At age 13, I first became suicidal. I was intensely lonely, as well. There was quite literally no-one in the world who I could talk to - the school counsellor seemed to think that I didn't have any friends because I didn't make an effort. I was rejected by every social group except the real weirdos, and the international students. I did well enough academically, but the only real friends I thought I had were my teachers, and by the end of high school, one or two of my peers, who had similarly troubled states of mind.

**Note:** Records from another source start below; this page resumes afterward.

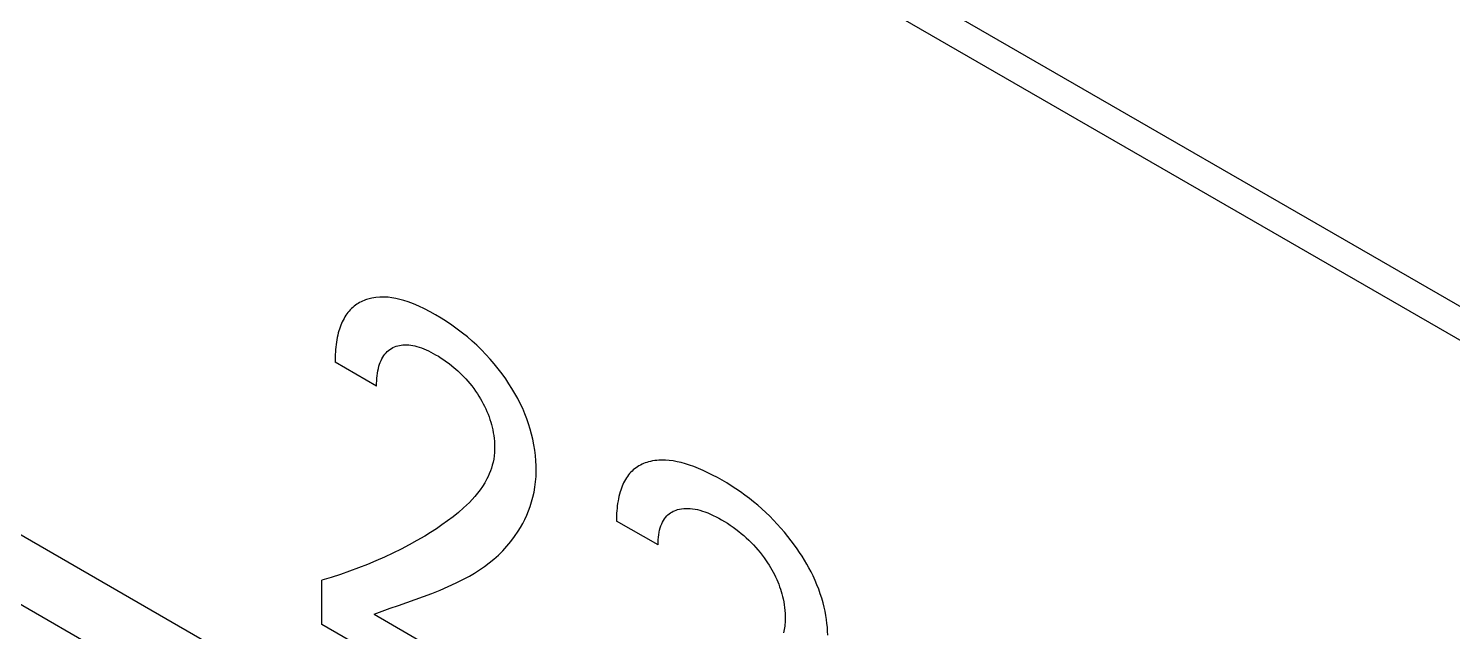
# Model space of a CAD drawing. Extents: x 0 to 420, y 0 to 297.
# Drawn here: x 178.99 to 185.9, y 139.31 to 142.23 of the extents above; entities that cross this region are included whole.
import ezdxf

# ---------------------------------------------------------------- set-up
doc = ezdxf.new("R2010")
doc.units = 0
doc.header["$LTSCALE"] = 23.1
doc.layers.add('40000_ISO', color=7, linetype='CONTINUOUS')

msp = doc.modelspace()

# ---------------------------------------------------------------- linework, layer by layer
at = {"layer": '40000_ISO', "color": 7, "linetype": 'CONTINUOUS'}
for p, q in [((192.4672, 137.1146), (169.274, 150.5049)), ((169.1326, 150.4232), (192.4672, 136.9513)), ((164.8545, 147.9124), (213.9987, 119.5397)), ((165.0612, 147.4549), (214.2058, 119.0819)), ((180.5869, 140.8996), (180.58, 140.8952)), ((180.5939, 140.9037), (180.5869, 140.8996)), ((180.6011, 140.9075), (180.5939, 140.9037)), ((180.6085, 140.911), (180.6011, 140.9075)), ((180.616, 140.9142), (180.6085, 140.911)), ((180.622, 140.9165), (180.616, 140.9142)), ((180.628, 140.9186), (180.622, 140.9165)), ((180.6341, 140.9205), (180.628, 140.9186)), ((180.653, 140.9253), (180.6341, 140.9205)), ((180.6725, 140.9285), (180.653, 140.9253)), ((180.6927, 140.9301), (180.6725, 140.9285)), ((180.7134, 140.9301), (180.6927, 140.9301)), ((180.732, 140.9289), (180.7134, 140.9301)), ((180.7509, 140.9265), (180.732, 140.9289)), ((180.7702, 140.923), (180.7509, 140.9265)), ((180.7896, 140.9185), (180.7702, 140.923)), ((180.8093, 140.913), (180.7896, 140.9185)), ((180.8292, 140.9065), (180.8093, 140.913)), ((180.8558, 140.8966), (180.8292, 140.9065)), ((180.5227, 140.8344), (180.5183, 140.8267)), ((180.5275, 140.8419), (180.5227, 140.8344)), ((180.5324, 140.849), (180.5275, 140.8419)), ((180.5376, 140.8559), (180.5324, 140.849)), ((180.543, 140.8624), (180.5376, 140.8559)), ((180.5487, 140.8686), (180.543, 140.8624)), ((180.5545, 140.8745), (180.5487, 140.8686)), ((180.5606, 140.8801), (180.5545, 140.8745)), ((180.5669, 140.8855), (180.5606, 140.8801)), ((180.5734, 140.8905), (180.5669, 140.8855)), ((180.58, 140.8952), (180.5734, 140.8905)), ((180.8825, 140.8852), (180.8558, 140.8966)), ((180.9094, 140.8725), (180.8825, 140.8852)), ((180.9363, 140.8586), (180.9094, 140.8725)), ((180.9633, 140.8435), (180.9363, 140.8586)), ((180.9896, 140.8279), (180.9633, 140.8435)), ((180.4933, 140.7654), (180.4906, 140.7558)), ((180.4962, 140.7749), (180.4933, 140.7654)), ((180.4993, 140.7841), (180.4962, 140.7749)), ((180.5026, 140.7931), (180.4993, 140.7841)), ((180.5062, 140.8019), (180.5026, 140.7931)), ((180.51, 140.8104), (180.5062, 140.8019)), ((180.514, 140.8187), (180.51, 140.8104)), ((180.5183, 140.8267), (180.514, 140.8187)), ((181.0159, 140.8113), (180.9896, 140.8279)), ((181.0422, 140.7937), (181.0159, 140.8113)), ((181.0683, 140.775), (181.0422, 140.7937)), ((181.0943, 140.7552), (181.0683, 140.775)), ((180.4797, 140.6995), (180.4783, 140.6876)), ((180.4814, 140.7111), (180.4797, 140.6995)), ((180.4833, 140.7226), (180.4814, 140.7111)), ((180.4855, 140.7339), (180.4833, 140.7226)), ((180.4879, 140.7449), (180.4855, 140.7339)), ((180.4906, 140.7558), (180.4879, 140.7449)), ((180.7631, 140.6882), (180.7709, 140.6913)), ((180.7709, 140.6913), (180.779, 140.6938)), ((180.779, 140.6938), (180.7873, 140.6957)), ((180.7873, 140.6957), (180.7959, 140.6972)), ((180.7959, 140.6972), (180.8047, 140.6981)), ((180.8047, 140.6981), (180.8136, 140.6985)), ((180.8136, 140.6985), (180.8231, 140.6984)), ((180.8231, 140.6984), (180.8327, 140.6978)), ((180.8327, 140.6978), (180.8425, 140.6966)), ((180.8425, 140.6966), (180.8524, 140.6949)), ((180.8524, 140.6949), (180.8625, 140.6927)), ((180.8625, 140.6927), (180.8727, 140.6901)), ((180.8727, 140.6901), (180.8829, 140.687)), ((181.1175, 140.7364), (181.0943, 140.7552)), ((181.1406, 140.7166), (181.1175, 140.7364)), ((181.1633, 140.6959), (181.1406, 140.7166)), ((181.1858, 140.6742), (181.1633, 140.6959)), ((180.4751, 140.6388), (180.4749, 140.6263)), ((180.4749, 140.6263), (180.4749, 140.6137)), ((180.4755, 140.6512), (180.4751, 140.6388)), ((180.4762, 140.6635), (180.4755, 140.6512)), ((180.4771, 140.6757), (180.4762, 140.6635)), ((180.4783, 140.6876), (180.4771, 140.6757)), ((180.6944, 140.6129), (180.6981, 140.6219)), ((180.6981, 140.6219), (180.7022, 140.6305)), ((180.7022, 140.6305), (180.7068, 140.6386)), ((180.7068, 140.6386), (180.7117, 140.6462)), ((180.7117, 140.6462), (180.7169, 140.6532)), ((180.7169, 140.6532), (180.7225, 140.6597)), ((180.7225, 140.6597), (180.7284, 140.6657)), ((180.7284, 140.6657), (180.7347, 140.6712)), ((180.7347, 140.6712), (180.7413, 140.6762)), ((180.7413, 140.6762), (180.7483, 140.6807)), ((180.7483, 140.6807), (180.7555, 140.6847)), ((180.7555, 140.6847), (180.7631, 140.6882)), ((180.8829, 140.687), (180.8942, 140.6831)), ((180.8942, 140.6831), (180.9057, 140.6786)), ((180.9057, 140.6786), (180.9171, 140.6737)), ((180.9171, 140.6737), (180.9286, 140.6684)), ((180.9286, 140.6684), (180.9402, 140.6626)), ((180.9402, 140.6626), (180.9517, 140.6565)), ((180.9517, 140.6565), (180.9633, 140.65)), ((180.9633, 140.65), (180.9765, 140.6423)), ((180.9765, 140.6423), (180.9896, 140.6341)), ((180.9896, 140.6341), (181.0027, 140.6254)), ((181.0027, 140.6254), (181.0158, 140.6163)), ((181.2078, 140.6514), (181.1858, 140.6742)), ((181.2281, 140.6292), (181.2078, 140.6514)), ((181.2479, 140.6062), (181.2281, 140.6292)), ((180.6767, 140.4973), (180.4749, 140.6137)), ((180.6793, 140.5482), (180.6809, 140.5604)), ((180.6809, 140.5604), (180.683, 140.5722)), ((180.683, 140.5722), (180.6854, 140.5837)), ((180.6854, 140.5837), (180.688, 140.5938)), ((180.688, 140.5938), (180.691, 140.6035)), ((180.691, 140.6035), (180.6944, 140.6129)), ((181.0158, 140.6163), (181.0288, 140.6068)), ((181.0288, 140.6068), (181.0417, 140.5967)), ((181.0417, 140.5967), (181.0516, 140.5886)), ((181.0516, 140.5886), (181.0615, 140.5802)), ((181.0615, 140.5802), (181.0713, 140.5715)), ((181.0713, 140.5715), (181.081, 140.5624)), ((181.081, 140.5624), (181.0906, 140.5531)), ((181.0906, 140.5531), (181.1, 140.5434)), ((181.2672, 140.5823), (181.2479, 140.6062)), ((181.2859, 140.5577), (181.2672, 140.5823)), ((181.304, 140.5323), (181.2859, 140.5577)), ((180.6767, 140.5103), (180.6772, 140.5231)), ((180.6767, 140.4973), (180.6767, 140.5103)), ((180.6772, 140.5231), (180.678, 140.5358)), ((180.678, 140.5358), (180.6793, 140.5482)), ((181.1, 140.5434), (181.1093, 140.5335)), ((181.1093, 140.5335), (181.1194, 140.5221)), ((181.1194, 140.5221), (181.1293, 140.5105)), ((181.1293, 140.5105), (181.1389, 140.4984)), ((181.1389, 140.4984), (181.1482, 140.486)), ((181.1482, 140.486), (181.1574, 140.4733)), ((181.3194, 140.5093), (181.304, 140.5323)), ((181.3342, 140.4858), (181.3194, 140.5093)), ((181.3484, 140.4619), (181.3342, 140.4858)), ((181.1574, 140.4733), (181.1662, 140.4603)), ((181.1662, 140.4603), (181.1738, 140.4486)), ((181.1738, 140.4486), (181.1811, 140.4366)), ((181.1811, 140.4366), (181.1881, 140.4244)), ((181.1881, 140.4244), (181.1948, 140.4121)), ((181.3618, 140.4377), (181.3484, 140.4619)), ((181.3744, 140.413), (181.3618, 140.4377)), ((181.3861, 140.3881), (181.3744, 140.413)), ((181.1948, 140.4121), (181.2012, 140.3997)), ((181.2012, 140.3997), (181.2071, 140.3871)), ((181.2071, 140.3871), (181.2127, 140.3745)), ((181.2127, 140.3745), (181.2179, 140.3617)), ((181.2179, 140.3617), (181.2227, 140.3489)), ((181.2227, 140.3489), (181.2271, 140.336)), ((181.3966, 140.3634), (181.3861, 140.3881)), ((181.4062, 140.3385), (181.3966, 140.3634)), ((181.2271, 140.336), (181.2311, 140.3232)), ((181.2311, 140.3232), (181.2346, 140.3104)), ((181.2346, 140.3104), (181.2378, 140.2976)), ((181.2378, 140.2976), (181.2407, 140.2849)), ((181.2407, 140.2849), (181.2434, 140.2711)), ((181.4149, 140.3136), (181.4062, 140.3385)), ((181.4226, 140.2887), (181.4149, 140.3136)), ((181.4294, 140.2639), (181.4226, 140.2887)), ((181.2434, 140.2711), (181.2456, 140.2573)), ((181.2456, 140.2573), (181.2474, 140.2438)), ((181.2474, 140.2438), (181.2487, 140.2304)), ((181.2487, 140.2304), (181.2496, 140.2172)), ((181.2496, 140.2172), (181.25, 140.2044)), ((181.4353, 140.2392), (181.4294, 140.2639)), ((181.4407, 140.2125), (181.4353, 140.2392)), ((181.445, 140.1862), (181.4407, 140.2125)), ((181.2452, 140.1431), (181.2422, 140.128)), ((181.2476, 140.1588), (181.2452, 140.1431)), ((181.2492, 140.175), (181.2476, 140.1588)), ((181.25, 140.1917), (181.2492, 140.175)), ((181.25, 140.2044), (181.25, 140.1917)), ((181.4482, 140.1603), (181.445, 140.1862)), ((181.4504, 140.1348), (181.4482, 140.1603)), ((182.0377, 140.1368), (182.0274, 140.1355)), ((182.0481, 140.1376), (182.0377, 140.1368)), ((182.0587, 140.138), (182.0481, 140.1376)), ((182.0694, 140.1381), (182.0587, 140.138)), ((182.0803, 140.1378), (182.0694, 140.1381)), ((182.0979, 140.1364), (182.0803, 140.1378)), ((182.1172, 140.1339), (182.0979, 140.1364)), ((181.2241, 140.0721), (181.2183, 140.0593)), ((181.2294, 140.0854), (181.2241, 140.0721)), ((181.2342, 140.0991), (181.2294, 140.0854)), ((181.2385, 140.1133), (181.2342, 140.0991)), ((181.2422, 140.128), (181.2385, 140.1133)), ((181.4515, 140.1098), (181.4504, 140.1348)), ((181.4508, 140.0585), (181.4517, 140.0854)), ((181.4517, 140.0854), (181.4515, 140.1098)), ((181.9054, 140.0728), (181.9, 140.0661)), ((181.9111, 140.0791), (181.9054, 140.0728)), ((181.9171, 140.0851), (181.9111, 140.0791)), ((181.9234, 140.0908), (181.9171, 140.0851)), ((181.9299, 140.0962), (181.9234, 140.0908)), ((181.9366, 140.1012), (181.9299, 140.0962)), ((181.9436, 140.1058), (181.9366, 140.1012)), ((181.9508, 140.1102), (181.9436, 140.1058)), ((181.9581, 140.1141), (181.9508, 140.1102)), ((181.9657, 140.1178), (181.9581, 140.1141)), ((181.9734, 140.1212), (181.9657, 140.1178)), ((181.9813, 140.1242), (181.9734, 140.1212)), ((181.9893, 140.1269), (181.9813, 140.1242)), ((181.9975, 140.1294), (181.9893, 140.1269)), ((182.0073, 140.1318), (181.9975, 140.1294)), ((182.0172, 140.1339), (182.0073, 140.1318)), ((182.0274, 140.1355), (182.0172, 140.1339)), ((182.1367, 140.1304), (182.1172, 140.1339)), ((182.1565, 140.1258), (182.1367, 140.1304)), ((182.1765, 140.1203), (182.1565, 140.1258)), ((182.1967, 140.1139), (182.1765, 140.1203)), ((182.217, 140.1067), (182.1967, 140.1139)), ((182.2398, 140.0978), (182.217, 140.1067)), ((182.2626, 140.0879), (182.2398, 140.0978)), ((182.2856, 140.0771), (182.2626, 140.0879)), ((182.3086, 140.0656), (182.2856, 140.0771)), ((181.191, 140.0104), (181.1794, 139.9934)), ((181.202, 140.0282), (181.191, 140.0104)), ((181.2122, 140.0469), (181.202, 140.0282)), ((181.2183, 140.0593), (181.2122, 140.0469)), ((181.4411, 139.9823), (181.4454, 140.0069)), ((181.4454, 140.0069), (181.4486, 140.0323)), ((181.4486, 140.0323), (181.4508, 140.0585)), ((181.8655, 140.002), (181.8623, 139.9928)), ((181.8689, 140.011), (181.8655, 140.002)), ((181.8727, 140.0197), (181.8689, 140.011)), ((181.8766, 140.0282), (181.8727, 140.0197)), ((181.8808, 140.0364), (181.8766, 140.0282)), ((181.8852, 140.0443), (181.8808, 140.0364)), ((181.8899, 140.0519), (181.8852, 140.0443)), ((181.8948, 140.0591), (181.8899, 140.0519)), ((181.9, 140.0661), (181.8948, 140.0591)), ((182.3316, 140.0533), (182.3086, 140.0656)), ((182.3547, 140.0402), (182.3316, 140.0533)), ((182.377, 140.027), (182.3547, 140.0402)), ((182.3993, 140.0132), (182.377, 140.027)), ((182.4215, 139.9987), (182.3993, 140.0132)), ((182.4437, 139.9835), (182.4215, 139.9987)), ((181.1274, 139.933), (181.1134, 139.9193)), ((181.1411, 139.9472), (181.1274, 139.933)), ((181.1543, 139.9619), (181.1411, 139.9472)), ((181.1671, 139.9773), (181.1543, 139.9619)), ((181.1794, 139.9934), (181.1671, 139.9773)), ((181.4223, 139.9128), (181.4295, 139.9352)), ((181.4295, 139.9352), (181.4357, 139.9584)), ((181.4357, 139.9584), (181.4411, 139.9823)), ((181.8491, 139.9395), (181.8472, 139.9279)), ((181.8512, 139.9508), (181.8491, 139.9395)), ((181.8536, 139.9619), (181.8512, 139.9508)), ((181.8563, 139.9728), (181.8536, 139.9619)), ((181.8593, 139.9834), (181.8563, 139.9728)), ((181.8623, 139.9928), (181.8593, 139.9834)), ((182.4658, 139.9676), (182.4437, 139.9835)), ((182.4878, 139.9509), (182.4658, 139.9676)), ((182.5078, 139.9351), (182.4878, 139.9509)), ((182.5276, 139.9186), (182.5078, 139.9351)), ((181.0478, 139.8627), (181.0213, 139.8424)), ((181.0737, 139.8839), (181.0478, 139.8627)), ((181.0991, 139.906), (181.0737, 139.8839)), ((181.1134, 139.9193), (181.0991, 139.906)), ((181.3962, 139.8498), (181.4056, 139.8701)), ((181.4056, 139.8701), (181.4144, 139.8911)), ((181.4144, 139.8911), (181.4223, 139.9128)), ((181.8421, 139.8675), (181.8419, 139.8549)), ((181.8426, 139.8799), (181.8421, 139.8675)), ((181.8433, 139.8921), (181.8426, 139.8799)), ((181.8443, 139.9042), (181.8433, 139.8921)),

The only thing that kept me alive during those years was the fact of my brother's illness - I knew for a fact what happened when people around him were very sick or died, he ended up in ICU with a near-death experience. I didn't want to be responsible for his death as well as mine, so I didn't try. I also convinced myself that I was a bad person and didn't deserve such an easy way out. I must be bad, because people didn't talk to me, and shunned me, and that's what you do to bad people. In such a state, I graduated high school. I estimate my social skills were, at this time, at the level of most 4 to 5 year olds.

Over that summer between high school and first year university, I was finally told what was wrong with me - what the diagnosis I had received many years ago was. Not being told 'until I was old enough' was also a recommendation from the doctor. It was like a nuclear warhead going off in my skull. The first thing I did was read everything I could lay my hands on that had the slightest relevance to Autism, and it was a revelation and a relief. This is what I had been missing all those years. This is what I lacked - and, given sufficient effort, what I could surely develop. The next few months, using the internet, some very sympathetic and patient friends, and a great deal of energy, I slowly observed and learnt to mimic normal social behaviours. The process involved many discussions on why exactly people acted how they did - what prompted a particular behaviour, what thought, what emotion, what associations. I was - and still am, at times - incredibly distressed by the lack of literal meanings in human interactions, by the lack of straightforward relationships between thought and action, and by the sheer inconsistency from person to person. I would estimate that I spent upwards of 40 hours a week focussing on this, and working to improve my imitation of humanity. I have often described it as developing a giant look up table in my head of 'behaviour -> response', and that's a pretty accurate description of how it feels.

It's twelve years later, and I'm now 29. Even to the professional eye, I generally no longer present as having an autism spectrum disorder. It is perhaps ironic that it is the obsessive focus on minutiae that is a characteristic of the disorder that has allowed me to develop these skills. It has, to a large extent, become reflex to act this way. However, there is still large swathes of social programming that I have simply missed out on, and don't see value in adopting. I'm more comfortable in being slightly sideways from most of humanity, and on most days, can see myself as being human. I believe I have established solid relationships with other people, and that most of the time, I'm not too difficult to be around, or too opaque. Still, I'm always trying to improve.